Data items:
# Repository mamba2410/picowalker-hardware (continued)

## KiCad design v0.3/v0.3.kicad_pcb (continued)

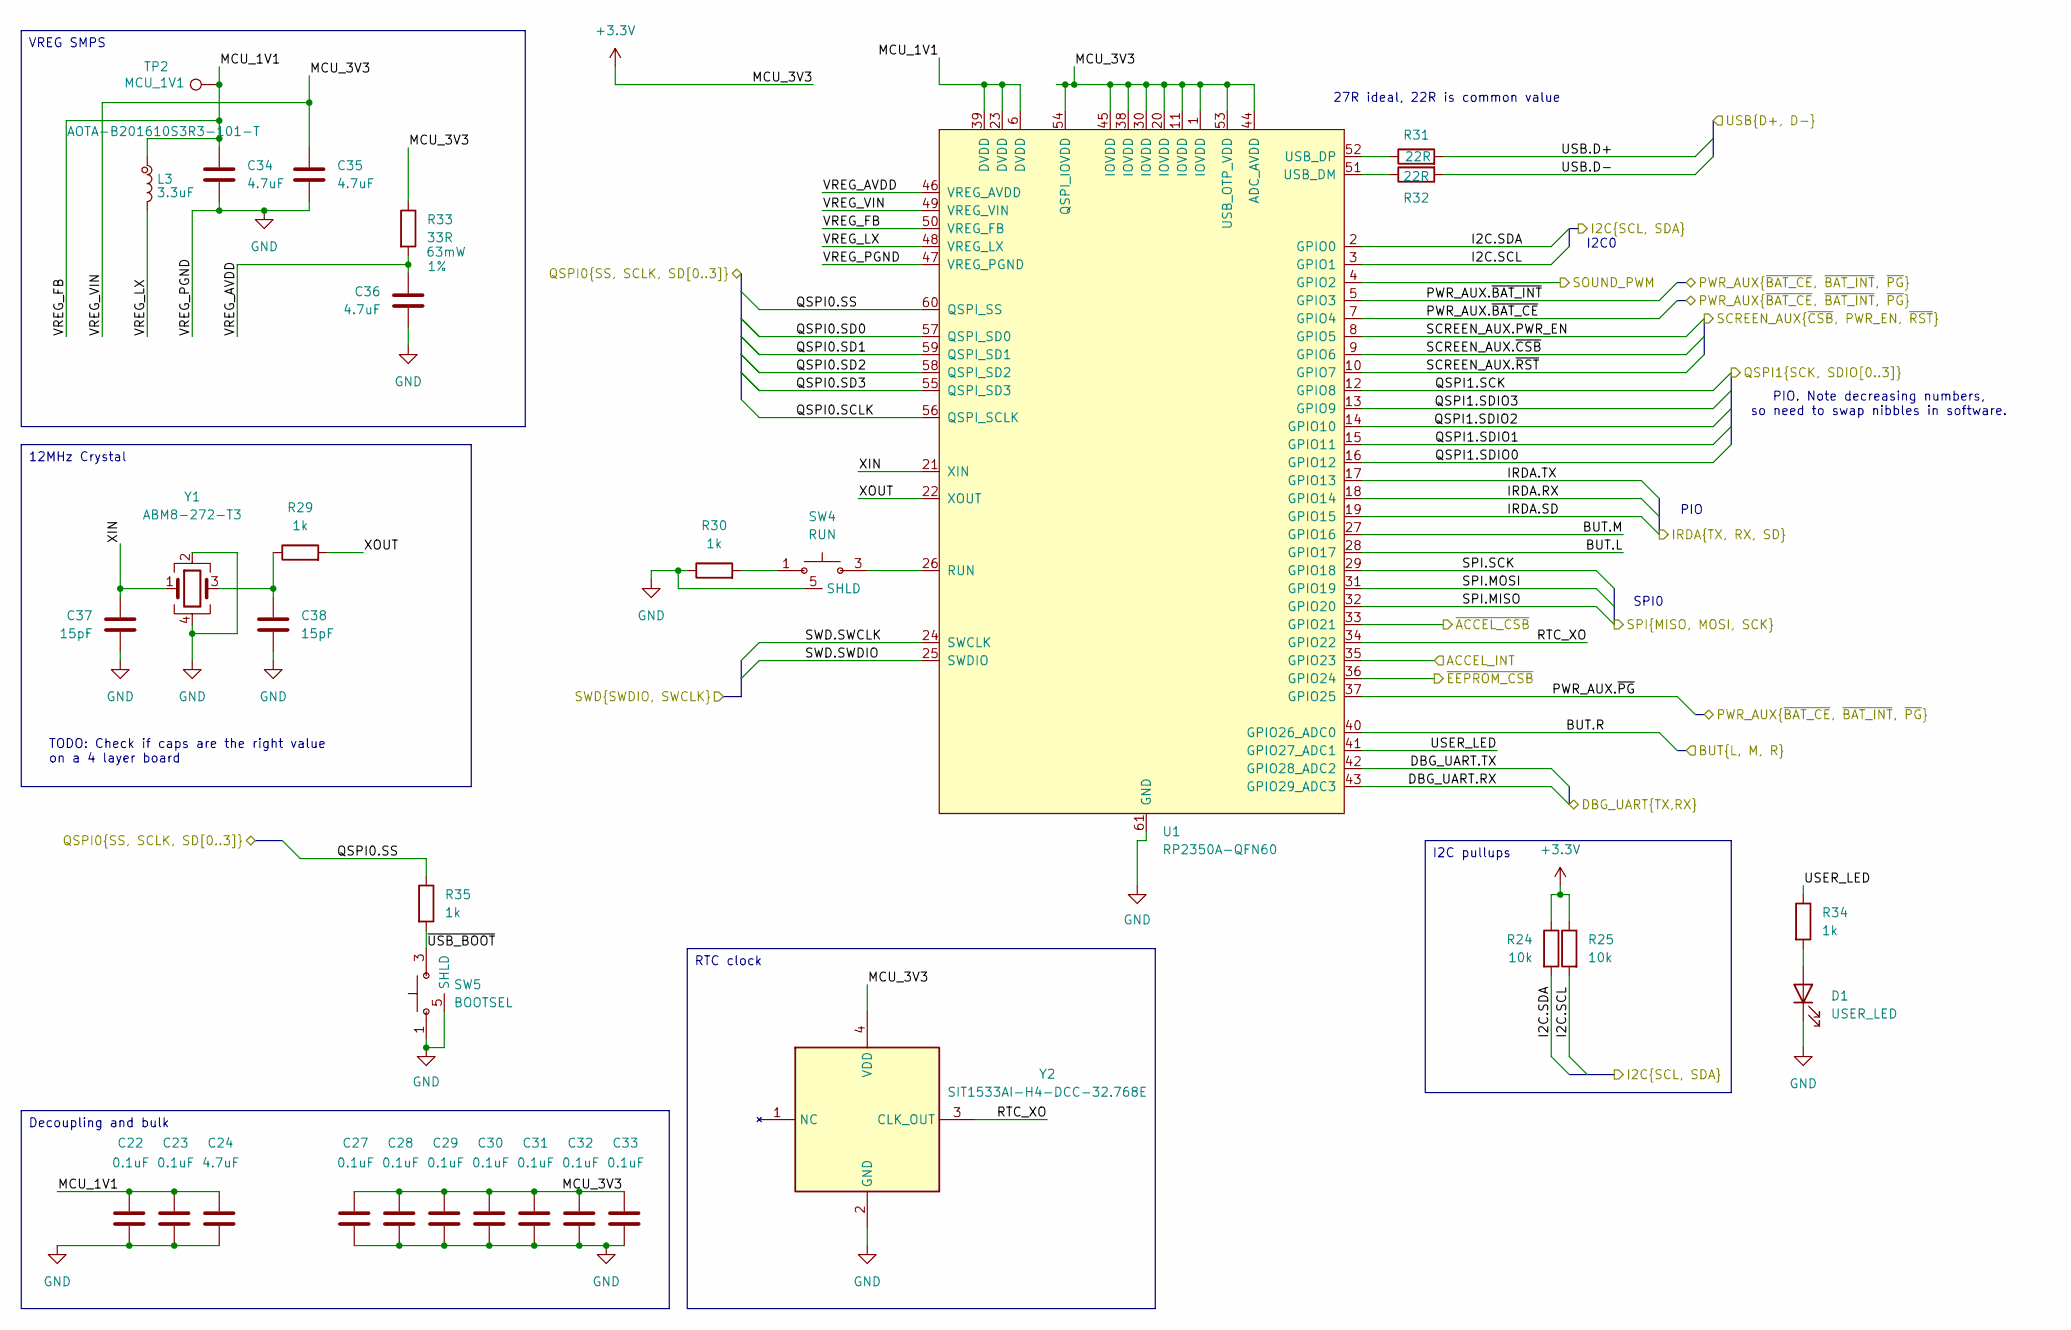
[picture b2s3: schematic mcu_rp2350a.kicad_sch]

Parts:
C22, C23, C27, C28, C29, C30, C31, C32, C33: 0.1uF; C_0402_1005Metric
C24, C34, C35, C36: 4.7uF; C_0402_1005Metric
C37, C38: 15pF; C_0201_0603Metric
D1: USER_LED; LED_0402_1005Metric
L3: 3.3uF; L_0805_2016Metric
R24, R25: 10k; R_0402_1005Metric
R29, R30, R34, R35: 1k; R_0402_1005Metric
R31, R32: 22R; R_0402_1005Metric
R33: 33R; R_0402_1005Metric; Tolerance 1%
SW4: RUN; WS_TASV_435151014824
SW5: BOOTSEL; WS_TASV_435151014824
TP2: MCU_1V1; TestPoint_Pad_1.0x1.0mm
U1: RP2350A-QFN60; RP2350A_QFN-60_EP_7.75x7.75_Pitch0.4mm
Y1: ABM8-272-T3; ABM8272T3
Y2: SIT1533AI-H4-DCC-32.768E; SIT1533AIH4DCC32768E; Mouser Part Number 788-1533AIH4DCC32.76

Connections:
+3.3V: C27.1, C28.1, C29.1, C30.1, C31.1, C32.1, C33.1, C35.1, R24.1, R25.1, R33.1, U1.1 (IOVDD), U1.11 (IOVDD), U1.20 (IOVDD), U1.30 (IOVDD), U1.38 (IOVDD), U1.44 (ADC_AVDD), U1.45 (IOVDD), U1.49 (VREG_VIN), U1.53 (USB_OTP_VDD), U1.54 (QSPI_IOVDD), Y2.4 (VDD); also elsewhere on the board
/accel/ACCEL_INT: U1.35 (GPIO23); also elsewhere on the board
/accel/SPI.MISO: U1.32 (GPIO20); also elsewhere on the board
/accel/SPI.MOSI: U1.31 (GPIO19); also elsewhere on the board
/accel/SPI.SCK: U1.29 (GPIO18); also elsewhere on the board
/accel/~ACCEL_CSB: U1.33 (GPIO21); also elsewhere on the board
/buttons/BUT.L: U1.28 (GPIO17); also elsewhere on the board
/buttons/BUT.M: U1.27 (GPIO16); also elsewhere on the board
/buttons/BUT.R: U1.40 (GPIO26_ADC0); also elsewhere on the board
/connectors/DBG_UART.RX: U1.43 (GPIO29_ADC3); also elsewhere on the board
/connectors/DBG_UART.TX: U1.42 (GPIO28_ADC2); also elsewhere on the board
/connectors/SWD.SWCLK: U1.24 (SWCLK); also elsewhere on the board
/connectors/SWD.SWDIO: U1.25 (SWDIO); also elsewhere on the board
/connectors/USB.D+: R31.2; also elsewhere on the board
/connectors/USB.D-: R32.2; also elsewhere on the board
/eeprom/~EEPROM_CSB: U1.36 (GPIO24); also elsewhere on the board
/flash/QSPI0.SCLK: U1.56 (QSPI_SCLK); also elsewhere on the board
/flash/QSPI0.SD0: U1.57 (QSPI_SD0); also elsewhere on the board
/flash/QSPI0.SD1: U1.59 (QSPI_SD1); also elsewhere on the board
/flash/QSPI0.SD2: U1.58 (QSPI_SD2); also elsewhere on the board
/flash/QSPI0.SD3: U1.55 (QSPI_SD3); also elsewhere on the board
/flash/QSPI0.SS: R35.1, U1.60 (QSPI_SS); also elsewhere on the board
/irda/IRDA.RX: U1.18 (GPIO14); also elsewhere on the board
/irda/IRDA.SD: U1.19 (GPIO15); also elsewhere on the board
/irda/IRDA.TX: U1.17 (GPIO13); also elsewhere on the board
/mcu/I2C.SCL: R25.2, U1.3 (GPIO1); also elsewhere on the board
/mcu/I2C.SDA: R24.2, U1.2 (GPIO0); also elsewhere on the board
/mcu/MCU_1V1: C22.1, C23.1, C24.1, C34.1, L3.1, TP2.1, U1.6 (DVDD), U1.23 (DVDD), U1.39 (DVDD), U1.50 (VREG_FB)
/mcu/PWR_AUX.~BAT_CE: U1.7 (GPIO4); also elsewhere on the board
/mcu/PWR_AUX.~BAT_INT: U1.5 (GPIO3); also elsewhere on the board
/mcu/PWR_AUX.~PG: U1.37 (GPIO25); also elsewhere on the board
/mcu/QSPI1.SCK: U1.12 (GPIO8); also elsewhere on the board
/mcu/QSPI1.SDIO0: U1.16 (GPIO12); also elsewhere on the board
/mcu/QSPI1.SDIO1: U1.15 (GPIO11); also elsewhere on the board
/mcu/QSPI1.SDIO2: U1.14 (GPIO10); also elsewhere on the board
/mcu/QSPI1.SDIO3: U1.13 (GPIO9); also elsewhere on the board
/mcu/RTC_XO: U1.34 (GPIO22), Y2.3 (CLK_OUT)
/mcu/SCREEN_AUX.PWR_EN: U1.8 (GPIO5); also elsewhere on the board
/mcu/SCREEN_AUX.~CSB: U1.9 (GPIO6); also elsewhere on the board
/mcu/SCREEN_AUX.~RST: U1.10 (GPIO7); also elsewhere on the board
/mcu/SOUND_PWM: U1.4 (GPIO2); also elsewhere on the board
/mcu/USER_LED: R34.1, U1.41 (GPIO27_ADC1)
/mcu/VREG_AVDD: C36.1, R33.2, U1.46 (VREG_AVDD)
/mcu/VREG_LX: L3.2, U1.48 (VREG_LX)
/mcu/XIN: C37.1, U1.21 (XIN), Y1.1
/mcu/XOUT: R29.2, U1.22 (XOUT)
/mcu/~USB_BOOT: R35.2, SW5.3, SW5.4
GND: C22.2, C23.2, C24.2, C27.2, C28.2, C29.2, C30.2, C31.2, C32.2, C33.2, C34.2, C35.2, C36.2, C37.2, C38.2, D1.1 (K), R30.1, SW4.5 (SHLD), SW4.6 (SHLD), SW5.1, SW5.2, SW5.5 (SHLD), SW5.6 (SHLD), U1.47 (VREG_PGND), U1.61 (GND), Y1.2, Y1.4, Y2.2 (GND); also elsewhere on the board
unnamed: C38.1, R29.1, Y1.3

Action item:
With the pictures omitted, set down each line exactly, starting at the first line of the records above and ending with the line that contains "(SWCLK); also elsewhere on the board".

Solved problem:
# Repository mamba2410/picowalker-hardware (continued)

## KiCad design v0.3/v0.3.kicad_pcb (continued)

[picture b2s3: schematic mcu_rp2350a.kicad_sch]

Parts:
C22, C23, C27, C28, C29, C30, C31, C32, C33: 0.1uF; C_0402_1005Metric
C24, C34, C35, C36: 4.7uF; C_0402_1005Metric
C37, C38: 15pF; C_0201_0603Metric
D1: USER_LED; LED_0402_1005Metric
L3: 3.3uF; L_0805_2016Metric
R24, R25: 10k; R_0402_1005Metric
R29, R30, R34, R35: 1k; R_0402_1005Metric
R31, R32: 22R; R_0402_1005Metric
R33: 33R; R_0402_1005Metric; Tolerance 1%
SW4: RUN; WS_TASV_435151014824
SW5: BOOTSEL; WS_TASV_435151014824
TP2: MCU_1V1; TestPoint_Pad_1.0x1.0mm
U1: RP2350A-QFN60; RP2350A_QFN-60_EP_7.75x7.75_Pitch0.4mm
Y1: ABM8-272-T3; ABM8272T3
Y2: SIT1533AI-H4-DCC-32.768E; SIT1533AIH4DCC32768E; Mouser Part Number 788-1533AIH4DCC32.76

Connections:
+3.3V: C27.1, C28.1, C29.1, C30.1, C31.1, C32.1, C33.1, C35.1, R24.1, R25.1, R33.1, U1.1 (IOVDD), U1.11 (IOVDD), U1.20 (IOVDD), U1.30 (IOVDD), U1.38 (IOVDD), U1.44 (ADC_AVDD), U1.45 (IOVDD), U1.49 (VREG_VIN), U1.53 (USB_OTP_VDD), U1.54 (QSPI_IOVDD), Y2.4 (VDD); also elsewhere on the board
/accel/ACCEL_INT: U1.35 (GPIO23); also elsewhere on the board
/accel/SPI.MISO: U1.32 (GPIO20); also elsewhere on the board
/accel/SPI.MOSI: U1.31 (GPIO19); also elsewhere on the board
/accel/SPI.SCK: U1.29 (GPIO18); also elsewhere on the board
/accel/~ACCEL_CSB: U1.33 (GPIO21); also elsewhere on the board
/buttons/BUT.L: U1.28 (GPIO17); also elsewhere on the board
/buttons/BUT.M: U1.27 (GPIO16); also elsewhere on the board
/buttons/BUT.R: U1.40 (GPIO26_ADC0); also elsewhere on the board
/connectors/DBG_UART.RX: U1.43 (GPIO29_ADC3); also elsewhere on the board
/connectors/DBG_UART.TX: U1.42 (GPIO28_ADC2); also elsewhere on the board
/connectors/SWD.SWCLK: U1.24 (SWCLK); also elsewhere on the board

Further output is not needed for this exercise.